*** Begin section ***

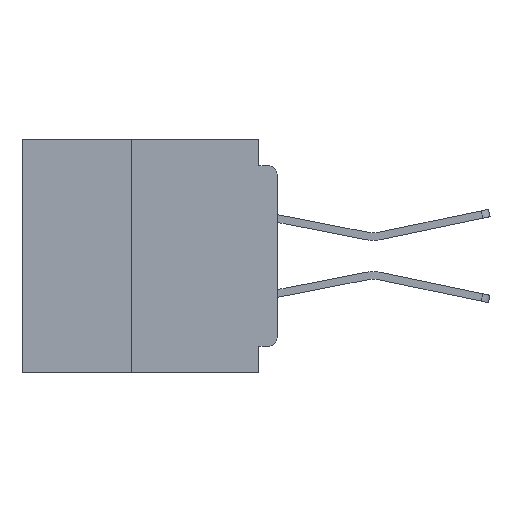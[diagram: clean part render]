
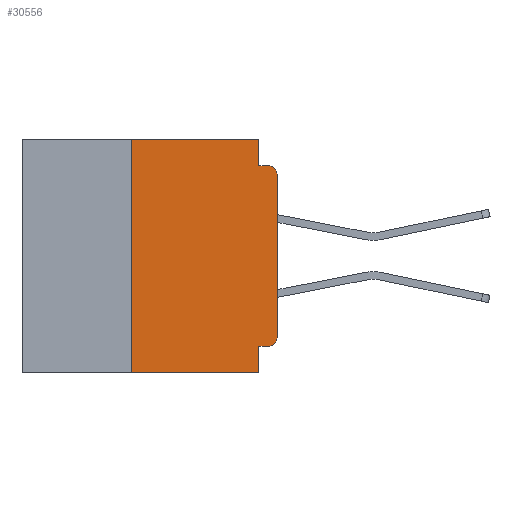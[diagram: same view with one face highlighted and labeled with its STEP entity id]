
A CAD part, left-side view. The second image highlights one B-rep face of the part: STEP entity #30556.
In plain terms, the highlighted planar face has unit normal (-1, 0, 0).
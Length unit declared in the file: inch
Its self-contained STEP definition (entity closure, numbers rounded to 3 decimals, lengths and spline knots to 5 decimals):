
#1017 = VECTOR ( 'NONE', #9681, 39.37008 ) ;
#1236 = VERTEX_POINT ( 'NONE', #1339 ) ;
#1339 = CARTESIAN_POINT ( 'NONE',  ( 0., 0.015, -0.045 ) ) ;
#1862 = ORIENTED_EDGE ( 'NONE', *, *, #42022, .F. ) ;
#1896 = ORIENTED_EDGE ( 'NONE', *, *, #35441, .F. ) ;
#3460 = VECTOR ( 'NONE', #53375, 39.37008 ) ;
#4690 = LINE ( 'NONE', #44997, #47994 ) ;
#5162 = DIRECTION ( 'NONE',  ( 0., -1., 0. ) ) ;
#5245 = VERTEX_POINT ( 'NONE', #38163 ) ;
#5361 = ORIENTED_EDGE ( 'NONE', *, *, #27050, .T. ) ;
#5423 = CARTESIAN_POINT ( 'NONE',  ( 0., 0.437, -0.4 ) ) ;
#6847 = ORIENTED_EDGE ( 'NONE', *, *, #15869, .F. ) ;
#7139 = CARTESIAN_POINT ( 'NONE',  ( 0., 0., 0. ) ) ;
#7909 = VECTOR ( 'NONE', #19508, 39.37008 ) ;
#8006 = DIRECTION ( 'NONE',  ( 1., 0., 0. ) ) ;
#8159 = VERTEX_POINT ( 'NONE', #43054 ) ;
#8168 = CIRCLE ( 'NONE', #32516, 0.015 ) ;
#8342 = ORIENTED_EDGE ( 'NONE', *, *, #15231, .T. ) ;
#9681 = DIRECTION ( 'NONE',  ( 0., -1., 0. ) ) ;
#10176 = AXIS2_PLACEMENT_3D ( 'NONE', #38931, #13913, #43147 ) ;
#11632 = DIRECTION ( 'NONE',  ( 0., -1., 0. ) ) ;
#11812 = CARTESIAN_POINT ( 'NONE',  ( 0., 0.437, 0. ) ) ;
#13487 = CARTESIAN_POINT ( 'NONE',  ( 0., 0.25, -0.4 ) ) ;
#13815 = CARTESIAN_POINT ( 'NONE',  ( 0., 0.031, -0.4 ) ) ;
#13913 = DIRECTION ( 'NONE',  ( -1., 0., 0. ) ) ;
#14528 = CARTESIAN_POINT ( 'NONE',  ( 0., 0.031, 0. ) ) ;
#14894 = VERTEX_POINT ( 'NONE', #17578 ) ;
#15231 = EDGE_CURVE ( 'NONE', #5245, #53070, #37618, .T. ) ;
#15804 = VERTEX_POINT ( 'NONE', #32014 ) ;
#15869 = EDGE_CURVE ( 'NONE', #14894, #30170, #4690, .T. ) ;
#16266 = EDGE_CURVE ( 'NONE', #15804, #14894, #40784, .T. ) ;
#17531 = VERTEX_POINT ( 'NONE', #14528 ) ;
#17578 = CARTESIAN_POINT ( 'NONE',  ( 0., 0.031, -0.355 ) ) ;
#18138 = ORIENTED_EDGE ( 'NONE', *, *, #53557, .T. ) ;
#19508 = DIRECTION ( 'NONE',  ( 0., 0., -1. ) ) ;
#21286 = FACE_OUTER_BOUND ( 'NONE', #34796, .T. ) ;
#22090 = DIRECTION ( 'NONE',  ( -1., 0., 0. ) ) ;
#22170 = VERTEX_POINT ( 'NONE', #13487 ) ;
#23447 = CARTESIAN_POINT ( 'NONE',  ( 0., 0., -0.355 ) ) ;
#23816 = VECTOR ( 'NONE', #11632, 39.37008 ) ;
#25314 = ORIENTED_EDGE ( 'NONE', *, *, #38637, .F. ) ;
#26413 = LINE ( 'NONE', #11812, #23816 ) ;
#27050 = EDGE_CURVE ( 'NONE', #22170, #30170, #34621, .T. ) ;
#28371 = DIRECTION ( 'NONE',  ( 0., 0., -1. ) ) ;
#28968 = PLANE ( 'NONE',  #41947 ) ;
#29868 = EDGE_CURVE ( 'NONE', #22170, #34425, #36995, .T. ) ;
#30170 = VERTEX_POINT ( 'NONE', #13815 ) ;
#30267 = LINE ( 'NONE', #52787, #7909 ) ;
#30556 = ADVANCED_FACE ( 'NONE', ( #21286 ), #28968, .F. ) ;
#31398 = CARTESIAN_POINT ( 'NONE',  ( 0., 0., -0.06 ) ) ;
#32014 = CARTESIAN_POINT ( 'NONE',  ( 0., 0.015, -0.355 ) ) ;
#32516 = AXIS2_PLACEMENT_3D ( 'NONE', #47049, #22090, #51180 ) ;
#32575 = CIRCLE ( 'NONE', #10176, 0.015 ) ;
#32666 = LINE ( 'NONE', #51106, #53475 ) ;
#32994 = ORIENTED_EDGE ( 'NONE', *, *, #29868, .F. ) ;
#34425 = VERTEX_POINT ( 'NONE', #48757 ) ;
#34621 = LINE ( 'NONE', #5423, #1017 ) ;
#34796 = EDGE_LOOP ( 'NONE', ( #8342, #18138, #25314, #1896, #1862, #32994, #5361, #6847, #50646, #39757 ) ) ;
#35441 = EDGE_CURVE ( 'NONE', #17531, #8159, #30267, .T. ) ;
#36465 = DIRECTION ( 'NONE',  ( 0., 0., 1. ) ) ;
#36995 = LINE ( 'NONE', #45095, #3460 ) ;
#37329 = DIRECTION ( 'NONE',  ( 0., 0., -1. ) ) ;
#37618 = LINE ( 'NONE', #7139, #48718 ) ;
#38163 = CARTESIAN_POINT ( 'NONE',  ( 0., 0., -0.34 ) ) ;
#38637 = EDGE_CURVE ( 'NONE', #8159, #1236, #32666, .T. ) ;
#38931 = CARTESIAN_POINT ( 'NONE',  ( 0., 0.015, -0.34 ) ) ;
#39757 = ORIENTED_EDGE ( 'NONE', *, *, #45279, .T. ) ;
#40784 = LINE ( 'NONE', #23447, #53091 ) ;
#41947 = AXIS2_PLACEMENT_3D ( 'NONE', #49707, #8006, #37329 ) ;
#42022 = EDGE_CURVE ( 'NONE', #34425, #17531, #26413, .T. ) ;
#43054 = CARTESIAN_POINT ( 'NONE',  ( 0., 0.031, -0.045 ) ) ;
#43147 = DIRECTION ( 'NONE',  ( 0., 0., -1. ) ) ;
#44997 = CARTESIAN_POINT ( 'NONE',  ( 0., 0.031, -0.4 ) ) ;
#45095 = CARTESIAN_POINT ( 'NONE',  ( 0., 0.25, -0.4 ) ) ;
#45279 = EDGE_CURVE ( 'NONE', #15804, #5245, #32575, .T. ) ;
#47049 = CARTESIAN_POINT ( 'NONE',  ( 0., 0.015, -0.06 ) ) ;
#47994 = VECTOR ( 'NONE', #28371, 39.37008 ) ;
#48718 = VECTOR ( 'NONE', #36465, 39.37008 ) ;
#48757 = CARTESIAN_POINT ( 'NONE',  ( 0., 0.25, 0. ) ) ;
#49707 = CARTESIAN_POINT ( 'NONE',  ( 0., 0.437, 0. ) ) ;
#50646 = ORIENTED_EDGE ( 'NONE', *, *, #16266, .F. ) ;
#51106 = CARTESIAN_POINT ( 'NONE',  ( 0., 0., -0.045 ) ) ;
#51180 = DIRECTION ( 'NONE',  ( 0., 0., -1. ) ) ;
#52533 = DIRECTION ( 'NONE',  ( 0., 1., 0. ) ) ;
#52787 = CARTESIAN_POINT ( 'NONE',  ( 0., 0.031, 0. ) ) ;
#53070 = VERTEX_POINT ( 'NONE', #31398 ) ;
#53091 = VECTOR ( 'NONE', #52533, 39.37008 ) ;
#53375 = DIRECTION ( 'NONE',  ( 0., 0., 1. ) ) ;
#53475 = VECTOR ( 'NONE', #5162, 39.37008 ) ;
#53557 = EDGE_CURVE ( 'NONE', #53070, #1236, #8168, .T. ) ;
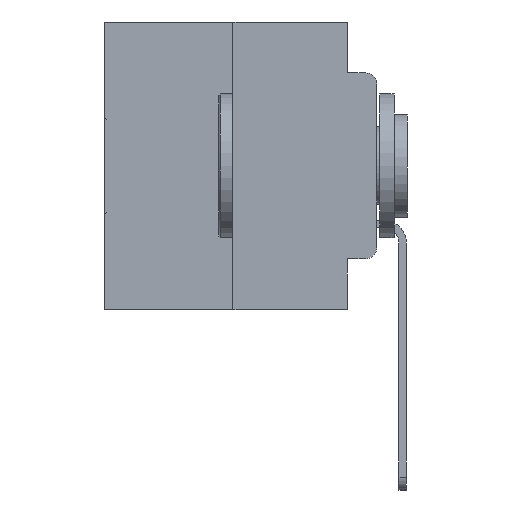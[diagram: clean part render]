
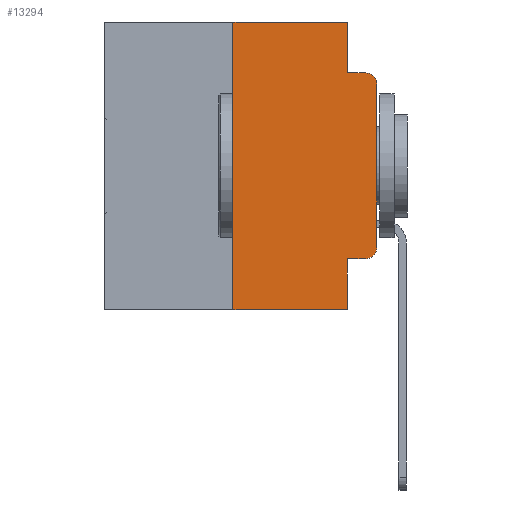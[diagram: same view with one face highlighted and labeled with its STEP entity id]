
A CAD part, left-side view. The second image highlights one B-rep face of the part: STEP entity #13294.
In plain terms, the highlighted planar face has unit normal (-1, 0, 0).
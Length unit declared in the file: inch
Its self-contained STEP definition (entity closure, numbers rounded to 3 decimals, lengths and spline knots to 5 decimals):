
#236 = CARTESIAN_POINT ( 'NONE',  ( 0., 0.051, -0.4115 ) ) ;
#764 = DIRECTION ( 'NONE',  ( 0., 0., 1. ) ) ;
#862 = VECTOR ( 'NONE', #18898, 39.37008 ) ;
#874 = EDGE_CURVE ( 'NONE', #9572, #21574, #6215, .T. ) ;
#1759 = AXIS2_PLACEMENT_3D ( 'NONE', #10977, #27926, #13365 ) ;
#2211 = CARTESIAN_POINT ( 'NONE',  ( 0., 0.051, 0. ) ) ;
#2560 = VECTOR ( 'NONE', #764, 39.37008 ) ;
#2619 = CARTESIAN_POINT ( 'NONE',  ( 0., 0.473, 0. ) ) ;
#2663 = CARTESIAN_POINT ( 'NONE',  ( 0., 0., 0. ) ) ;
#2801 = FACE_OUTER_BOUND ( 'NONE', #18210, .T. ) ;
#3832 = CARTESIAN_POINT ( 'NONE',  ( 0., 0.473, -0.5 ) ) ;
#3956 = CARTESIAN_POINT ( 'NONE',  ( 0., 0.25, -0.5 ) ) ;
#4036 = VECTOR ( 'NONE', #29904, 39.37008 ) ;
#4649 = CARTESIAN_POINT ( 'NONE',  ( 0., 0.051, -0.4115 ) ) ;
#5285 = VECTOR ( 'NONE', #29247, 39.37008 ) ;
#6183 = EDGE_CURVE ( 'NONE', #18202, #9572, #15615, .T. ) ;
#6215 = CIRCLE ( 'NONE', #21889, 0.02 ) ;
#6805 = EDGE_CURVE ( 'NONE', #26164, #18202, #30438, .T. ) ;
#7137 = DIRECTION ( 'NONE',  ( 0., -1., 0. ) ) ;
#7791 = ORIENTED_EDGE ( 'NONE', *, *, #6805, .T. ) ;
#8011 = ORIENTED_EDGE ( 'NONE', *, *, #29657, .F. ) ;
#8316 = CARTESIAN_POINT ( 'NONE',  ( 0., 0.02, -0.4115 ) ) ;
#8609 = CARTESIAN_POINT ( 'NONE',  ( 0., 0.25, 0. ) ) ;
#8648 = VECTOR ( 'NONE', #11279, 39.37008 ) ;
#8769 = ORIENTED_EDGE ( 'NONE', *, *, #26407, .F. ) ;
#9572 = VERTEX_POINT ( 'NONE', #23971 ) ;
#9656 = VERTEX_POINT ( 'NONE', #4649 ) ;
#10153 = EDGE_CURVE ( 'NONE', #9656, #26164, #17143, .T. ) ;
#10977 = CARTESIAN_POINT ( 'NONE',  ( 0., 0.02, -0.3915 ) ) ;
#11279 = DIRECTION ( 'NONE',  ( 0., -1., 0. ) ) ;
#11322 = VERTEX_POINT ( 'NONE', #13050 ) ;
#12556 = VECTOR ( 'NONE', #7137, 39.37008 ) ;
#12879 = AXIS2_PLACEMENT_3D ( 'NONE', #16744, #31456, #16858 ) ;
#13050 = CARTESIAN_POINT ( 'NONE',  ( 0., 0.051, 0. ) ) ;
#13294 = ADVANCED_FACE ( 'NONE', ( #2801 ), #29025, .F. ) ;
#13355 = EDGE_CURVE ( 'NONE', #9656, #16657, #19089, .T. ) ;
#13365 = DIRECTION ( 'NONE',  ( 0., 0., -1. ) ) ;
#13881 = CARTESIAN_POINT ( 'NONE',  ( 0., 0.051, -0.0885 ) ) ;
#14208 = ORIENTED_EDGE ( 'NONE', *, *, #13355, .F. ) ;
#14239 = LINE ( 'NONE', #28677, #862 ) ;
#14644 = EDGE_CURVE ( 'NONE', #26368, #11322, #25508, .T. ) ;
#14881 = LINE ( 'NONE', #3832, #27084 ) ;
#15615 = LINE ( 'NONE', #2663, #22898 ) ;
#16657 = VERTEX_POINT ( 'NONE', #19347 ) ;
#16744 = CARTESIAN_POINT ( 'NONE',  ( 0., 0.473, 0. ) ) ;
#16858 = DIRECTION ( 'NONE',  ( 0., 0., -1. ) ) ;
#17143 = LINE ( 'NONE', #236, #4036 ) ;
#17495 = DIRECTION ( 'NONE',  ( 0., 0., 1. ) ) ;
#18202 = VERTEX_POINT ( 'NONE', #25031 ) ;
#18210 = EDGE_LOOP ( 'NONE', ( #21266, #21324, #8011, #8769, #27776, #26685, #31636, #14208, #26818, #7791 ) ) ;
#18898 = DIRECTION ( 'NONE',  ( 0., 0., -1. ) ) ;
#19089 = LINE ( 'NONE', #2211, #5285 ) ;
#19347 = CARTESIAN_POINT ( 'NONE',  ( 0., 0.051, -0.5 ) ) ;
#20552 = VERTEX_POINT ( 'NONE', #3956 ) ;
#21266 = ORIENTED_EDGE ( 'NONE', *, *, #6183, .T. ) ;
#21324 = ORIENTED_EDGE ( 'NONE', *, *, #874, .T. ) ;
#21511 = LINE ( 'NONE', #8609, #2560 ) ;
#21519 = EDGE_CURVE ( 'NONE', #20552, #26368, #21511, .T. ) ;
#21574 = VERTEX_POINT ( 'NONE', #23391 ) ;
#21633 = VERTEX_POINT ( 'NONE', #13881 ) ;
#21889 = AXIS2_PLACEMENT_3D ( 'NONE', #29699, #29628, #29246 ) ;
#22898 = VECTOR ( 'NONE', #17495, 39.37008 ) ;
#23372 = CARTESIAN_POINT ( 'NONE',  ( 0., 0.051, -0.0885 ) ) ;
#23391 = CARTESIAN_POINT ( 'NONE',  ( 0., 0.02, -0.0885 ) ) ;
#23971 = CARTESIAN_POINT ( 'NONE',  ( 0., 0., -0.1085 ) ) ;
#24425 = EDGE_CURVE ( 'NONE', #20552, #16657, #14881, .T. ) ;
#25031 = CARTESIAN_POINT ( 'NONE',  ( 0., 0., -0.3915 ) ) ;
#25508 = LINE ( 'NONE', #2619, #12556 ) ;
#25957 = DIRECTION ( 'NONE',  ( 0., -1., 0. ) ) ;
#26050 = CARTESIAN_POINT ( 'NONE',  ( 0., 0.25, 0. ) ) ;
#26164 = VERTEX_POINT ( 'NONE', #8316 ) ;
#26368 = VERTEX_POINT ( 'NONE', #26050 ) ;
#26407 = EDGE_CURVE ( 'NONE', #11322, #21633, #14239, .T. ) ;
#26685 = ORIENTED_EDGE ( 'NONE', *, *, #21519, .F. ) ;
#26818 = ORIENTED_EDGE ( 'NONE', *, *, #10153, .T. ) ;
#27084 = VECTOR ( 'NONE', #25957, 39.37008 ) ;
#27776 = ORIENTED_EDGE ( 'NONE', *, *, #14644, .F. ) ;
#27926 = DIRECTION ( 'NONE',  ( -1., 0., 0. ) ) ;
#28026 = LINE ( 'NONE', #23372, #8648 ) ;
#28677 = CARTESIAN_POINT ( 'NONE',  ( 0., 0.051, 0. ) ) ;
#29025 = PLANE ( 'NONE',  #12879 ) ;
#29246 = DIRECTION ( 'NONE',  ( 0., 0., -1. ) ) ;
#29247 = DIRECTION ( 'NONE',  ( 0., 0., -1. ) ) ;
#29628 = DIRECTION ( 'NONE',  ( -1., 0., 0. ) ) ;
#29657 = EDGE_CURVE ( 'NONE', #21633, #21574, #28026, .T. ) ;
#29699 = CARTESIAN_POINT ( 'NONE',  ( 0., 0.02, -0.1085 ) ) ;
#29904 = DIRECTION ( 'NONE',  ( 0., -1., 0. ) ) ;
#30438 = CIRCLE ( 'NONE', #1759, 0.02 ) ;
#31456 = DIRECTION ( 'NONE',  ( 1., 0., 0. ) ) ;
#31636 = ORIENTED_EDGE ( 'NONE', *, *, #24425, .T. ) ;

*** End section ***

* [What to do] Output the records above as they stand, from the first line to the line with "#1236 = VERTEX_POINT ( 'NONE', #1339 ) ;", inclusive, and exclude the pictures.

* [Written response]
[diagram: clean part render]
[diagram: same view with one face highlighted and labeled with its STEP entity id]
A CAD part, left-side view. The second image highlights one B-rep face of the part: STEP entity #30556.
In plain terms, the highlighted planar face has unit normal (-1, 0, 0).
Length unit declared in the file: inch
Its self-contained STEP definition (entity closure, numbers rounded to 3 decimals, lengths and spline knots to 5 decimals):
#1017 = VECTOR ( 'NONE', #9681, 39.37008 ) ;
#1236 = VERTEX_POINT ( 'NONE', #1339 ) ;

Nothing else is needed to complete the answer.